Las vagas ambiciones de Manuel - Las mujeres mandan - Roberto - Se instala la imprenta


En los días anteriores a la apertura de la Exposición, Juan no apareció por casa de Manuel. Pintores y escultores se pasaban la vida de café en café, discutiendo y, sobre todo, intrigando. Juan estaba asqueado al verse en aquel ambiente de miserias, de ruindades, de bajas maquinaciones.

Su grupo, Los Rebeldes, mal colocado en el salón adrede, apenas se veía. El retrato de la Salvadora estaba en mejor sitio y había causado efecto; los periódicos hablaban de Juan; uno del jurado le había dicho que él le votaría para una segunda medalla; pero como todas estaban comprometidas, no le podrían dar mas que una tercera. Juan le contestó que hiciesen en conciencia lo que les pareciese; pero el del jurado le advirtió que le dijera si iba o no a aceptar la tercera medalla, porque, en el caso de no aceptarla, se la darían a otro.

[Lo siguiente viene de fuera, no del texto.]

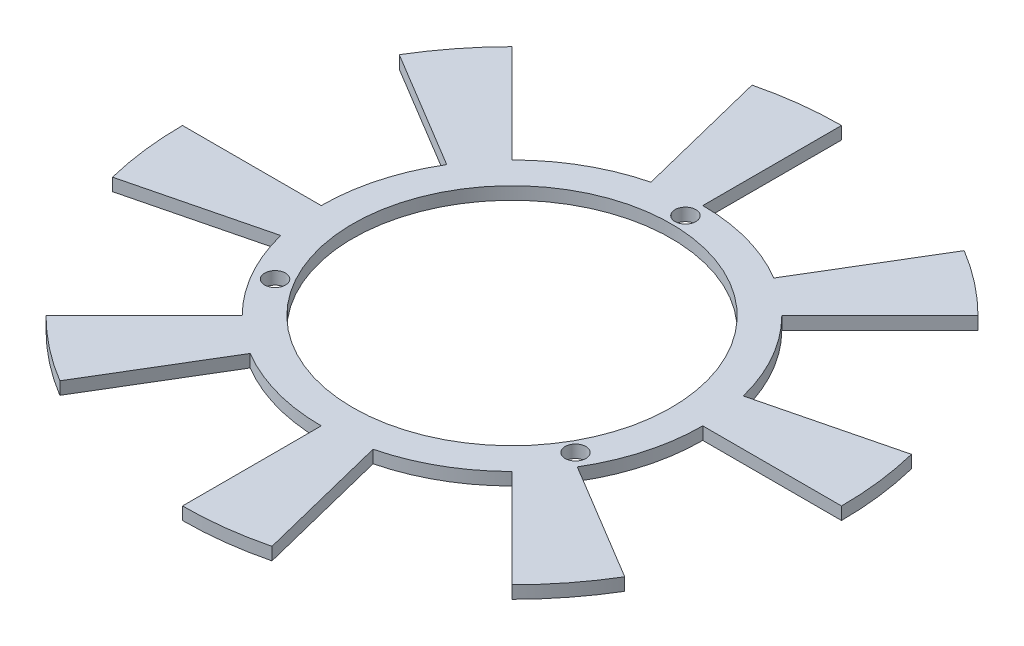
SolidWorks part; units mm, degrees
material "AISI 1010 Steel, hot rolled bar"
ref_plane "Front Plane" through (0, 0, 0) normal (0, 0, 1) x (1, 0, 0)
ref_plane "Top Plane" through (0, 0, 0) normal (0, 1, 0) x (1, 0, 0)
ref_plane "Right Plane" through (0, 0, 0) normal (1, 0, 0) x (0, 0, -1)
sketch "Sketch1" plane through (0, 0, 0) normal (0, 1, 0) x (1, 0, 0)
  circle A0 centre (0, 0) radius 25.25
  dimension "D1" = 50.5
extrude "Extrude-Thin1" add sketch "Sketch1" against normal blind 2 thin
sketch "Sketch2" plane through (0, 0, 0) normal (0, 1, 0) x (1, 0, 0)
  line L0 (0, -30.25) -> (0, 30.25) construction
  line L1 (0, 0) -> (23.8157, -13.75) construction
  line L2 (0, 0) -> (-23.8157, -13.75) construction
  circle A0 centre (0, 27.5) radius 1.65
  circle A1 centre (0, 0) radius 30.25 construction
  circle A4 centre (0, 0) radius 27.5 construction
  circle A7 centre (23.8157, -13.75) radius 1.65
  circle A8 centre (-23.8157, -13.75) radius 1.65
  dimension "D1" = 55
  dimension "D2" = 3.3
  dimension "D3" = 120
  dimension "D4" = 120
extrude "Cut-Extrude3" cut sketch "Sketch2" against normal blind 10
sketch "Sketch5" plane through (0, -2, 0) normal (0, -1, 0) x (1, 0, 0)
  line L0 (0, 0) -> (0, 35.9971) construction
  line L1 (0, 0) -> (8.2512, 33.0937) construction
  line L2 (0, 52.25) -> (0, 30.25)
  line L3 (7.3181, 29.3514) -> (12.6404, 50.698)
  line L4 (36.9463, 36.9463) -> (21.39, 21.39)
  line L5 (25.9293, 15.5799) -> (44.787, 26.9107)
  line L6 (52.25, 0) -> (30.25, 0)
  line L7 (29.3514, -7.3181) -> (50.698, -12.6404)
  line L8 (36.9463, -36.9463) -> (21.39, -21.39)
  line L9 (15.5799, -25.9293) -> (26.9107, -44.787)
  line L10 (0, -52.25) -> (0, -30.25)
  line L11 (-7.3181, -29.3514) -> (-12.6404, -50.698)
  line L12 (-36.9463, -36.9463) -> (-21.39, -21.39)
  line L13 (-25.9293, -15.5799) -> (-44.787, -26.9107)
  line L14 (-52.25, 0) -> (-30.25, 0)
  line L15 (-29.3514, 7.3181) -> (-50.698, 12.6404)
  line L16 (-36.9463, 36.9463) -> (-21.39, 21.39)
  line L17 (-15.5799, 25.9293) -> (-26.9107, 44.787)
  circle A0 centre (0, 0) radius 30.25 construction
  arc A1 (7.3181, 29.3514) -> (0, 30.25) centre (0, 0) ccw
  arc A2 (12.6404, 50.698) -> (0, 52.25) centre (0, 0) ccw
  arc A3 (44.787, 26.9107) -> (36.9463, 36.9463) centre (0, 0) ccw
  arc A4 (25.9293, 15.5799) -> (21.39, 21.39) centre (0, 0) ccw
  arc A5 (50.698, -12.6404) -> (52.25, 0) centre (0, 0) ccw
  arc A6 (29.3514, -7.3181) -> (30.25, 0) centre (0, 0) ccw
  arc A7 (26.9107, -44.787) -> (36.9463, -36.9463) centre (0, 0) ccw
  arc A8 (15.5799, -25.9293) -> (21.39, -21.39) centre (0, 0) ccw
  arc A9 (-12.6404, -50.698) -> (0, -52.25) centre (0, 0) ccw
  arc A10 (-7.3181, -29.3514) -> (0, -30.25) centre (0, 0) ccw
  arc A11 (-44.787, -26.9107) -> (-36.9463, -36.9463) centre (0, 0) ccw
  arc A12 (-25.9293, -15.5799) -> (-21.39, -21.39) centre (0, 0) ccw
  arc A13 (-50.698, 12.6404) -> (-52.25, 0) centre (0, 0) ccw
  arc A14 (-29.3514, 7.3181) -> (-30.25, 0) centre (0, 0) ccw
  arc A15 (-26.9107, 44.787) -> (-36.9463, 36.9463) centre (0, 0) ccw
  arc A16 (-15.5799, 25.9293) -> (-21.39, 21.39) centre (0, 0) ccw
  point P87 (0, 0)
  dimension "D2" = 22
  dimension "D1" = 14
  dimension "D3" = 8
extrude "Boss-Extrude1" add sketch "Sketch5" against normal blind 2

Juan sintió deseos de rechazarla; pero esto pensó que indicaría que estaba mortificado, y la aceptó.

-¿Cuánto te dan por eso? -le preguntó Manuel.

-Mil pesetas.

-Entonces, haces bien en aceptar. Los periódicos dicen que tus estatuas son de lo mejor de la Exposición; para la gente has obtenido un triunfo. Ahora te dan ese dinero. Tómalo.

-¡Psch!

-Si no lo quieres, dámelo a mí; esas pesetas me podrían hacer el gran avío.

-¿A ti? ¿Para qué?

-Hombre, tengo ya desde hace tiempo la idea de tomar una imprenta en traspaso.

-¿Pero vives mal así?

-No.

-Tantas ganas tienes de ser propietario?

-Todo el mundo quiere ser propietario.

-Yo, no.

-Pues yo, sí; me gustaría tener un solar, aunque no sirviera para nada, sólo para ir allá y decir: esto es mío.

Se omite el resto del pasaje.